国际大规模评估（如 TIMSS）在分析国家课程的基础上进行成绩测试，以比较各国学生的成绩。协调这些研究的组织使用 Rasch 或更广义的项目反应理论（IRT）模型，其中所有测试项目都被假定为测量一种潜在能力。这种方法的一个核心但尚待争议的假设是，成绩测验测量的是一个未观察到的单维度连续变量，这种变量在各国之间具有可比性。对这一假设的一个威胁是，各国，甚至各国国内的地区或学校都有不同的课程。在寻求对各国进行公平比较时，考虑到适用的课程不同，以及一些学生可能尚未学习全部测试内容，似乎是合理的。在寻求对各国进行公平比较时，似乎必须考虑到各国的课程设置不同，而且有些国家可能尚未教授全部测试内容。然而，现有的基于 IRT 的排名忽略了这些差异。本研究提出了一种直接的方法来处理不同的课程，并对各国的教育质量进行公平排名。新方法仅根据已教授的测试内容对各国进行比较；它使用的信息是学生是否掌握了课堂上教授的技能，而不考虑尚未教授的内容。掌握程度通过确定性输入、噪声、"和 "门（DINA）模型进行评估，该模型是一种可解释、可操作的认知诊断模型。为了说明这一新方法，我们使用了 1995 年国际数学与科学教育峰会（TIMSS）的数据，并将其与国际研究报告中公布的基于 IRT 的分数进行了比较。我们发现，所有国家的 TIMSS 测试内容与国家课程之间都存在不匹配。与此同时，我们发现基于新方法的分数与传统的 IRT 分数之间具有很高的相关性。这一发现突出表明，尽管各国课程之间存在差异，但 TIMSS 报告的成绩衡量标准是可靠的。
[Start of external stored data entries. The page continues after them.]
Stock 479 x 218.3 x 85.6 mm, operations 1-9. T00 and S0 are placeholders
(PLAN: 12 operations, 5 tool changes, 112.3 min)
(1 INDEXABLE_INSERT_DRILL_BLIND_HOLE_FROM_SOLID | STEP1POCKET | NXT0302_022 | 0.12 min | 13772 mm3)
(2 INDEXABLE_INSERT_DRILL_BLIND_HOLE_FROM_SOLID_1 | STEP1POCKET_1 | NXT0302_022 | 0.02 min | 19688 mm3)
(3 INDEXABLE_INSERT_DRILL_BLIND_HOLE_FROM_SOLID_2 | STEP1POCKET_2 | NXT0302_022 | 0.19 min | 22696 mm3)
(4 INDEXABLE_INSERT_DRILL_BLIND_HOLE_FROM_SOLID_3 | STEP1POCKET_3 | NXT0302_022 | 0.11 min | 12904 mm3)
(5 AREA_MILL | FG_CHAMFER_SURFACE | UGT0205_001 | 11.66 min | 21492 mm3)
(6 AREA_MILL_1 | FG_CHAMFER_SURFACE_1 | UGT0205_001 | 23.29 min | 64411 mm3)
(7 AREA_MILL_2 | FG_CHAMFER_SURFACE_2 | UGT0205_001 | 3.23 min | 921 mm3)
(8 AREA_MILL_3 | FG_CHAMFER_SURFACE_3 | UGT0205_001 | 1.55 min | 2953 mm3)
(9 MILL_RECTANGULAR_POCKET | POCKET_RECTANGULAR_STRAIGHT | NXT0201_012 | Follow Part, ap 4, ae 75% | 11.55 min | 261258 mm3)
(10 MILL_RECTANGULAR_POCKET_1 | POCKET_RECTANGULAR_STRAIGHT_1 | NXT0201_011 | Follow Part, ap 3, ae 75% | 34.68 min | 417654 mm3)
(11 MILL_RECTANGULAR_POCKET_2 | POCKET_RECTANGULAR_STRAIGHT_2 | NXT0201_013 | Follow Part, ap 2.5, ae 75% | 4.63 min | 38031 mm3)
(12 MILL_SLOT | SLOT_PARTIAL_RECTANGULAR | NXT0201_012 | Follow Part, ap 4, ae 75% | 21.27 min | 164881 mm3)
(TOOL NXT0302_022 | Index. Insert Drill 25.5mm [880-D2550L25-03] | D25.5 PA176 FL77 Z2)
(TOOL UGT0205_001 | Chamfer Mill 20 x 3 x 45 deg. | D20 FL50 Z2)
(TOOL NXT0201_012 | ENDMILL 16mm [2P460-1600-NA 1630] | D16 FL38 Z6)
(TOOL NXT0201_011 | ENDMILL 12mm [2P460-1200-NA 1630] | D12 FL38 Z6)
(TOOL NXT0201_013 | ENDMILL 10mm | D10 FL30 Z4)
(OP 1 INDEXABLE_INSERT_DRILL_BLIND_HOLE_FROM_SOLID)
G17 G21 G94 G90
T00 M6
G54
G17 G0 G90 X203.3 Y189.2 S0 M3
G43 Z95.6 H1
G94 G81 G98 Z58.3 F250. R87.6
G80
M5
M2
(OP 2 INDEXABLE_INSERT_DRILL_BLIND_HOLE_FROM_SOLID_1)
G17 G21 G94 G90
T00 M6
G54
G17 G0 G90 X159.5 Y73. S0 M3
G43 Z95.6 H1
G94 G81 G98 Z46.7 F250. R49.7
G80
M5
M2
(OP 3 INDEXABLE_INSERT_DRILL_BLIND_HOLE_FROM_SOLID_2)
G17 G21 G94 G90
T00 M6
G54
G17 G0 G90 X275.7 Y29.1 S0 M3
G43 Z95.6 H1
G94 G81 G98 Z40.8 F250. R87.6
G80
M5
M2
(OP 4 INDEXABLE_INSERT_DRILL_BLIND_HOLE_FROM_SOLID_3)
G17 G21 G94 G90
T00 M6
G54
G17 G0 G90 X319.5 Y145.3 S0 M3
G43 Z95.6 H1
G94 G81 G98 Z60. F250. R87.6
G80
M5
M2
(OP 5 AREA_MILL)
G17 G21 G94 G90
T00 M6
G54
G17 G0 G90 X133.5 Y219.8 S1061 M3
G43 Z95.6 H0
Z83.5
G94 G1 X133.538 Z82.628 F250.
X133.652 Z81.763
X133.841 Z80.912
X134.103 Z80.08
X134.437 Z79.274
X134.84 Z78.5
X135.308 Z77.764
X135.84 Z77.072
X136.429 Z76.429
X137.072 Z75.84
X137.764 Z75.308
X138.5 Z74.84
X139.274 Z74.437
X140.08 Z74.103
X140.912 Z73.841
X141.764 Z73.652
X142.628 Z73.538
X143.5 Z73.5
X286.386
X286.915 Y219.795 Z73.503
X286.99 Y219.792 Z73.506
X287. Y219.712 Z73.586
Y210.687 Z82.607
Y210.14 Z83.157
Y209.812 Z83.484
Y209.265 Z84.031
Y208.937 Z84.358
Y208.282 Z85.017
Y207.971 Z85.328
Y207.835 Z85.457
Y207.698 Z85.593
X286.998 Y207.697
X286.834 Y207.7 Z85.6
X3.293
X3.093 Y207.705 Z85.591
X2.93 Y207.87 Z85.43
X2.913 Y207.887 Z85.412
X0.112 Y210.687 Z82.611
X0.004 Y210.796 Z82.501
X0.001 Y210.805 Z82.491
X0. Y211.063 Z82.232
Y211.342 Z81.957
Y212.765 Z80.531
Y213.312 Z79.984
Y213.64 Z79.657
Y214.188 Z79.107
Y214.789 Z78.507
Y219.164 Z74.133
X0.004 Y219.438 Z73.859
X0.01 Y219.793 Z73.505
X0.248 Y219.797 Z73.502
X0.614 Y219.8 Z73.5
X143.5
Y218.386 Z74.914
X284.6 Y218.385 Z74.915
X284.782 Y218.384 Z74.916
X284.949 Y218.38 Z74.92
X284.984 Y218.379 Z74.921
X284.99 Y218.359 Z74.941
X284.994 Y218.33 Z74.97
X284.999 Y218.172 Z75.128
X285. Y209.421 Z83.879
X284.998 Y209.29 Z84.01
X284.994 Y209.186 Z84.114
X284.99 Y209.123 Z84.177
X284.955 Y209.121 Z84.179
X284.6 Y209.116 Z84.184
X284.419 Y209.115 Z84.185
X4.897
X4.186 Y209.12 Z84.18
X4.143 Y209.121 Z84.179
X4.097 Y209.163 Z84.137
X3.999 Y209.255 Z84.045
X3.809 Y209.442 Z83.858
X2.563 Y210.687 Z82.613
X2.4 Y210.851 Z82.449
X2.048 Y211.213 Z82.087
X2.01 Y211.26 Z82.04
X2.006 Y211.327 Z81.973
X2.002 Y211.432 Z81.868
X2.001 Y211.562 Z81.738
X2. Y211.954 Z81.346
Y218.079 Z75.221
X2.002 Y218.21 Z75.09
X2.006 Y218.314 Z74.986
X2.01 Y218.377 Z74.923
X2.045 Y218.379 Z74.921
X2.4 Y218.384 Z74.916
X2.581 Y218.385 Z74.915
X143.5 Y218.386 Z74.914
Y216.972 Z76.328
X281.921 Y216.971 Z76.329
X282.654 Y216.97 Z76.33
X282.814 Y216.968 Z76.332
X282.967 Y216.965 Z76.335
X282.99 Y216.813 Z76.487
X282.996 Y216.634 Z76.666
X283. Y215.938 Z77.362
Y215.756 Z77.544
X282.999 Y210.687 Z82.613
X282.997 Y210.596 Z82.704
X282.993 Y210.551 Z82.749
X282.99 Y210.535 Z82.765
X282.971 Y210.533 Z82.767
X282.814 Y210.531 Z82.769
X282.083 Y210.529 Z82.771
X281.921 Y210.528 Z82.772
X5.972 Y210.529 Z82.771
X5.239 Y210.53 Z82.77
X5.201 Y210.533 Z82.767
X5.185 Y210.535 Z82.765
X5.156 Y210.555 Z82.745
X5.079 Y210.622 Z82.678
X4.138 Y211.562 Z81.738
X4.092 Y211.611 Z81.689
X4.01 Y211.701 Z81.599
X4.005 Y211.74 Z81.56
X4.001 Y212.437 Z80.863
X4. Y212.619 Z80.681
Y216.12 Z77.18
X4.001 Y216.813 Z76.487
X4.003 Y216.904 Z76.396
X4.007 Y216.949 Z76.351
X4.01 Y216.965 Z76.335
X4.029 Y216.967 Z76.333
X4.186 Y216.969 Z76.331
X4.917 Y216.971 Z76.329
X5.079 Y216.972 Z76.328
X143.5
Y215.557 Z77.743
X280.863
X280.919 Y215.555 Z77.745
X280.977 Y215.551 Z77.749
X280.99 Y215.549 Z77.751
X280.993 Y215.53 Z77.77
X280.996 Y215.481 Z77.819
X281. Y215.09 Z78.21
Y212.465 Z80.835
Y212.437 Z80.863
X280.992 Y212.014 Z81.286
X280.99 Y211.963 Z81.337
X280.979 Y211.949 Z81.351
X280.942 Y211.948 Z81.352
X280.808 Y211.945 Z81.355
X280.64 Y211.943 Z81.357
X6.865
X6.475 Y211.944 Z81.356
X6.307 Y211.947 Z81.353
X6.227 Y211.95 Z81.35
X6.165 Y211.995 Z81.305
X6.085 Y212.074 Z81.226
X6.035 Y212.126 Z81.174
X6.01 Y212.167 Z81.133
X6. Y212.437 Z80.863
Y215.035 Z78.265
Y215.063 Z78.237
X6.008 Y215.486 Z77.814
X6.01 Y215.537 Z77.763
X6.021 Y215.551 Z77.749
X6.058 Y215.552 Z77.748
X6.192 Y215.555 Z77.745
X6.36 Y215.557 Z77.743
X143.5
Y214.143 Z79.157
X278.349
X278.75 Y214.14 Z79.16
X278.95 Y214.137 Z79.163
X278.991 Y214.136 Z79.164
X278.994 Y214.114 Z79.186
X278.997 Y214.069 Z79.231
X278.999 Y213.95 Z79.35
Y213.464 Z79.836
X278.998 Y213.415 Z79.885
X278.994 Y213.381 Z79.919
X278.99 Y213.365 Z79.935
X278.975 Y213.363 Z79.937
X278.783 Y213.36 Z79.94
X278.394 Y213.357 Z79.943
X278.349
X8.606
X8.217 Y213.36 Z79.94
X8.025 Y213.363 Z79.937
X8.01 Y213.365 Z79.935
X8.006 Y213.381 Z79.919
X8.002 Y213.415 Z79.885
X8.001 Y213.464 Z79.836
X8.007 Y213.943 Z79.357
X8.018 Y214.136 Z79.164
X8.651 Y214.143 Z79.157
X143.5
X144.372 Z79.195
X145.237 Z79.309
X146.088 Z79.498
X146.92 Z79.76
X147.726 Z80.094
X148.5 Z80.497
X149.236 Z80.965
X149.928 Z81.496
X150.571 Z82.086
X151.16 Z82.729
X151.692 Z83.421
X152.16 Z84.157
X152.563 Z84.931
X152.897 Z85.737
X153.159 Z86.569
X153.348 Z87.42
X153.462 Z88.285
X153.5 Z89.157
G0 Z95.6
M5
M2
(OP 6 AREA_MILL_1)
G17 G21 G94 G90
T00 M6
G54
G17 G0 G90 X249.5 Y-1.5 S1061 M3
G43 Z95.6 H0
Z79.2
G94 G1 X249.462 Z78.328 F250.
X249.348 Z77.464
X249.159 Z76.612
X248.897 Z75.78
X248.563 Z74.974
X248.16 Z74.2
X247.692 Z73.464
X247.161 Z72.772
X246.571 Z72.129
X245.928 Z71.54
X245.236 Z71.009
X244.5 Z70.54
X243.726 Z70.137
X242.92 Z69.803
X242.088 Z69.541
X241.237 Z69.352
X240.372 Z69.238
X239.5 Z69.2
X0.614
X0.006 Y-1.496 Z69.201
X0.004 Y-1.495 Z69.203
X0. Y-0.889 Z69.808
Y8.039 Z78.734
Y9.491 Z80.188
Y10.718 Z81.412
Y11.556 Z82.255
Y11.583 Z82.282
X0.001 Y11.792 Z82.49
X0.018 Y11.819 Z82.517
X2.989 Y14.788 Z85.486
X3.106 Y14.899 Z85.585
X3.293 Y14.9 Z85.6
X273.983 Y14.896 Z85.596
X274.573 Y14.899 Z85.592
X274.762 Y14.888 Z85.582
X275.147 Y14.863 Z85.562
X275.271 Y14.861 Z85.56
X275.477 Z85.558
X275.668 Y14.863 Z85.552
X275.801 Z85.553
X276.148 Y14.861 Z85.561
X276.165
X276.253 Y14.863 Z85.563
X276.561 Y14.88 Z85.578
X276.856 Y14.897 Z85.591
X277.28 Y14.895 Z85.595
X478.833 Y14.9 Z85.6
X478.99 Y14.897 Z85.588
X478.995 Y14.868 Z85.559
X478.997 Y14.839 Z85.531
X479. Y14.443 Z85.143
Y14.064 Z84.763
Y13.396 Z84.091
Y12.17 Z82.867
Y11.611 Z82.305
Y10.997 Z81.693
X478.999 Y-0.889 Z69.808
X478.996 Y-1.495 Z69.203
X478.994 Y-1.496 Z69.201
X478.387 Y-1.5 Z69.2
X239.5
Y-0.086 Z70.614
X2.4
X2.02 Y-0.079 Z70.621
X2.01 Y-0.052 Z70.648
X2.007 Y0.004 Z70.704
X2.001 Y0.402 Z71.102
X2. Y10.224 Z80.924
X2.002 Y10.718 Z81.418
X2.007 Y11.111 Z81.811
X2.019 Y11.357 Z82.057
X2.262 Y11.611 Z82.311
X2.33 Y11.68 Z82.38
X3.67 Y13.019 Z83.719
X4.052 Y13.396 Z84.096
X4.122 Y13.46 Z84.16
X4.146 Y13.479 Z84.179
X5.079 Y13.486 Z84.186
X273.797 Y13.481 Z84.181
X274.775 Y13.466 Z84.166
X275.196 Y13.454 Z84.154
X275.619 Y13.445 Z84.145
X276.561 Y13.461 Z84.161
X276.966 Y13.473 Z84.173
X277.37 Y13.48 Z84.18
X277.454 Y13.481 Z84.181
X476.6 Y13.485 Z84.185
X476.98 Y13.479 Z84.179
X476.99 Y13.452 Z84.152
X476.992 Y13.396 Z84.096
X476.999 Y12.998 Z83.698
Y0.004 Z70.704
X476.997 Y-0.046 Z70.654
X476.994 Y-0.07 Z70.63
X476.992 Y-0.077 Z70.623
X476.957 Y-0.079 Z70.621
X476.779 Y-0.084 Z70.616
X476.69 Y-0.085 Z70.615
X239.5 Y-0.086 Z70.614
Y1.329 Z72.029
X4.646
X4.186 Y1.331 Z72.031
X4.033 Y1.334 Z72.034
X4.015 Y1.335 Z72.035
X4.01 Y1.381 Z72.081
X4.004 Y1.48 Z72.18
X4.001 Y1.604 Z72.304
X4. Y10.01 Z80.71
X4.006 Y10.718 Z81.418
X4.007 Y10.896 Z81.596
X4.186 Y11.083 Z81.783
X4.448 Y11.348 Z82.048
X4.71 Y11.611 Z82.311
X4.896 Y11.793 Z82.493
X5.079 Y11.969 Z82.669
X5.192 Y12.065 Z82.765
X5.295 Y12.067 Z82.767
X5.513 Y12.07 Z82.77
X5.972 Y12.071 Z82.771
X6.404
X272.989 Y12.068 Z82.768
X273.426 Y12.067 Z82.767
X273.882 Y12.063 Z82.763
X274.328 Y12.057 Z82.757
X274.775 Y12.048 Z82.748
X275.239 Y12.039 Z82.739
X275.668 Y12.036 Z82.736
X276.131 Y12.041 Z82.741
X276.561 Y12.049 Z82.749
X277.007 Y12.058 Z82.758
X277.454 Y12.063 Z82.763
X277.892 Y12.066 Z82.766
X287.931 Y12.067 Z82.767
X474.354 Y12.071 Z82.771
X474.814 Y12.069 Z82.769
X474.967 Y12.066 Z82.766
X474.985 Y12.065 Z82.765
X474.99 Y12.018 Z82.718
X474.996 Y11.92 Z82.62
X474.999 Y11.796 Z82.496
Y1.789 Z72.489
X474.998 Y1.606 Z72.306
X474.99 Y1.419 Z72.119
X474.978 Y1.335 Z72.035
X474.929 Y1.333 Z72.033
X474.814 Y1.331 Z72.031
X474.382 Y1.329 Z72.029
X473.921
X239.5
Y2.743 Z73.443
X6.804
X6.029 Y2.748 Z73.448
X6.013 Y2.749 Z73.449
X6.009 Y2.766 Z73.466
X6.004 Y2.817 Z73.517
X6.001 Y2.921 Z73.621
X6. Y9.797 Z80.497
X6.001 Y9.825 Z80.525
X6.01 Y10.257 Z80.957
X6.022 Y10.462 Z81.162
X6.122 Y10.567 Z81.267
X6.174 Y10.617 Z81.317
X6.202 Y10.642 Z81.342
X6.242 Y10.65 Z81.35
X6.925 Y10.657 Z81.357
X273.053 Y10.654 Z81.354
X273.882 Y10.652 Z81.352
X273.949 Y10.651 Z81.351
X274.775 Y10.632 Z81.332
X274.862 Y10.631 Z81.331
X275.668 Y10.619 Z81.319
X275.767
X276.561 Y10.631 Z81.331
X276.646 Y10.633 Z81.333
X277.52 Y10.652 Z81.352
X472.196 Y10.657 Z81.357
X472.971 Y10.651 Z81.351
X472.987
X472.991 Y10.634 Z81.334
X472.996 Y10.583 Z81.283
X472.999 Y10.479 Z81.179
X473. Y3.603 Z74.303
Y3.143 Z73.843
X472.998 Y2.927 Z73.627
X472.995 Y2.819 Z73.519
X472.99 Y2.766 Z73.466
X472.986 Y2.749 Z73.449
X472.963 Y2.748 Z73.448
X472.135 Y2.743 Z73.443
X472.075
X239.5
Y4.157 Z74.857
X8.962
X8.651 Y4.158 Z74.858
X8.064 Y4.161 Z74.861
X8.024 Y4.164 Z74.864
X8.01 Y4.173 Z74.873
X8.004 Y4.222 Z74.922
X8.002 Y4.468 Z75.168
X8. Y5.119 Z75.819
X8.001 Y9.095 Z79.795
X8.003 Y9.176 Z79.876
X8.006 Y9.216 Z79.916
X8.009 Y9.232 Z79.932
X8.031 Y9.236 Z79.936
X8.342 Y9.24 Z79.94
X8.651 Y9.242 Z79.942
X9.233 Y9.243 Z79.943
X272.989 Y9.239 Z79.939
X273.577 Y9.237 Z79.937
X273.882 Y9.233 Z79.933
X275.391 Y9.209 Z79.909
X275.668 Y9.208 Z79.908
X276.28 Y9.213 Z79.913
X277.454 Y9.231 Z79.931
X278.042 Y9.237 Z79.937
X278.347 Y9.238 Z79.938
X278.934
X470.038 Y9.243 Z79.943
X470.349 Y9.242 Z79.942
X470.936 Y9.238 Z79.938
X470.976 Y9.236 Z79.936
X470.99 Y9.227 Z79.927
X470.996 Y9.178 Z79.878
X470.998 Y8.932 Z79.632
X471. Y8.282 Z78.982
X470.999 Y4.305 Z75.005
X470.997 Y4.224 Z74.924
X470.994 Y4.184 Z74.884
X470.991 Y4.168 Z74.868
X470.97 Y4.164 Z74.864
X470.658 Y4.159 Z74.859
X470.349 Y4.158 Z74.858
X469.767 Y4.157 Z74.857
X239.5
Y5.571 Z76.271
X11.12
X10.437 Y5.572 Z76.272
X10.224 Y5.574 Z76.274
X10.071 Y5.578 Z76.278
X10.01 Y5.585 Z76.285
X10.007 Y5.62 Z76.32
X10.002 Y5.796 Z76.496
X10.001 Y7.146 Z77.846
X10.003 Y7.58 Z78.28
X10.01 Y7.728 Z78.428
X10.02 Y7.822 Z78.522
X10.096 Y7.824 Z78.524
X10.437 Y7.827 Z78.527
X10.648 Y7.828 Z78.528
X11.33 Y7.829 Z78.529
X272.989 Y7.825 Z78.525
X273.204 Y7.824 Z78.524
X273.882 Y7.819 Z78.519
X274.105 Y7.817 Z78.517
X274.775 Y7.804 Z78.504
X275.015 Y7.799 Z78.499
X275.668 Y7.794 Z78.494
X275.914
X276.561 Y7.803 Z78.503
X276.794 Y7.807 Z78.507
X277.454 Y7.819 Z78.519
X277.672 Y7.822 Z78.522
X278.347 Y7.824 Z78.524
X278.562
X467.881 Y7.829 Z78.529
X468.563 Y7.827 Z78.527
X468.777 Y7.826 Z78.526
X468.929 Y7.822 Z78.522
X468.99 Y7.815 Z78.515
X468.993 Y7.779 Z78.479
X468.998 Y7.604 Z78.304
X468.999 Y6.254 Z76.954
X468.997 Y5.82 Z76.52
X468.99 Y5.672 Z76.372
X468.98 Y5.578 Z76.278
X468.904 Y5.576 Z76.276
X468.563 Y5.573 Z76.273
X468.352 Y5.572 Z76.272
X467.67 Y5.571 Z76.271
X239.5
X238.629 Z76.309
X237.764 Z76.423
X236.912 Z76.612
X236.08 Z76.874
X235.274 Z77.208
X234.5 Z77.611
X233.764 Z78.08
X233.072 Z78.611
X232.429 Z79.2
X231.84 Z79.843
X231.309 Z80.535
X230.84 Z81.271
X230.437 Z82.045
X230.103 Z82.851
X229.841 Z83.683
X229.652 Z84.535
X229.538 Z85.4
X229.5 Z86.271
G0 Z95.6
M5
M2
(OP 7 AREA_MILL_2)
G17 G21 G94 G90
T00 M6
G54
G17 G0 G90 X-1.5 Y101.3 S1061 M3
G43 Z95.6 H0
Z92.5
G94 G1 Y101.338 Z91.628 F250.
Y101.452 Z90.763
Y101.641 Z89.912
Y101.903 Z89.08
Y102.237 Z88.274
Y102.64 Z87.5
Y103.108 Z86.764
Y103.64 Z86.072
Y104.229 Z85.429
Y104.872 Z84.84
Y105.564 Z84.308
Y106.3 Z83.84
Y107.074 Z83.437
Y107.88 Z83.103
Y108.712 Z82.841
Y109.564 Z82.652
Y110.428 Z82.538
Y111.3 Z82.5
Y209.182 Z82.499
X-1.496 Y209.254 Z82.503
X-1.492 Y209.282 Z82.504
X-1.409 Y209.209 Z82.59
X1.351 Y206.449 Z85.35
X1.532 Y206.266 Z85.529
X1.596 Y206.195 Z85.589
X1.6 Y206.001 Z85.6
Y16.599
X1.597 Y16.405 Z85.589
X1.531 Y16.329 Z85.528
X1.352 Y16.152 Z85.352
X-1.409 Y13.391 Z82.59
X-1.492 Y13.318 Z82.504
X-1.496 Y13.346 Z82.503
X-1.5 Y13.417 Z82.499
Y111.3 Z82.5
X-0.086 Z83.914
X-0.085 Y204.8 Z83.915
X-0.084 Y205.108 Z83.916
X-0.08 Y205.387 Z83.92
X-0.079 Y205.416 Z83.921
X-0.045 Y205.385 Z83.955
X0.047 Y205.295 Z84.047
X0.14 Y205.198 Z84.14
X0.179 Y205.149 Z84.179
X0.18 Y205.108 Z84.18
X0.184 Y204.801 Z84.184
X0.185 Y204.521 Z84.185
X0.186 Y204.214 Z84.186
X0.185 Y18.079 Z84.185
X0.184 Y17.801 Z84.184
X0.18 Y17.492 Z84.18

本文章由计算机程序翻译，如有差异，请以英文原文为准。

求助全文

约1分钟内获得全文求助全文

来源期刊

Studies in Educational Evaluation Multiple-

CiteScore

6.90

自引率

6.50%

发文量

审稿时长

62 days

期刊介绍： Studies in Educational Evaluation publishes original reports of evaluation studies. Four types of articles are published by the journal: (a) Empirical evaluation studies representing evaluation practice in educational systems around the world; (b) Theoretical reflections and empirical studies related to issues involved in the evaluation of educational programs, educational institutions, educational personnel and student assessment; (c) Articles summarizing the state-of-the-art concerning specific topics in evaluation in general or in a particular country or group of countries; (d) Book reviews and brief abstracts of evaluation studies.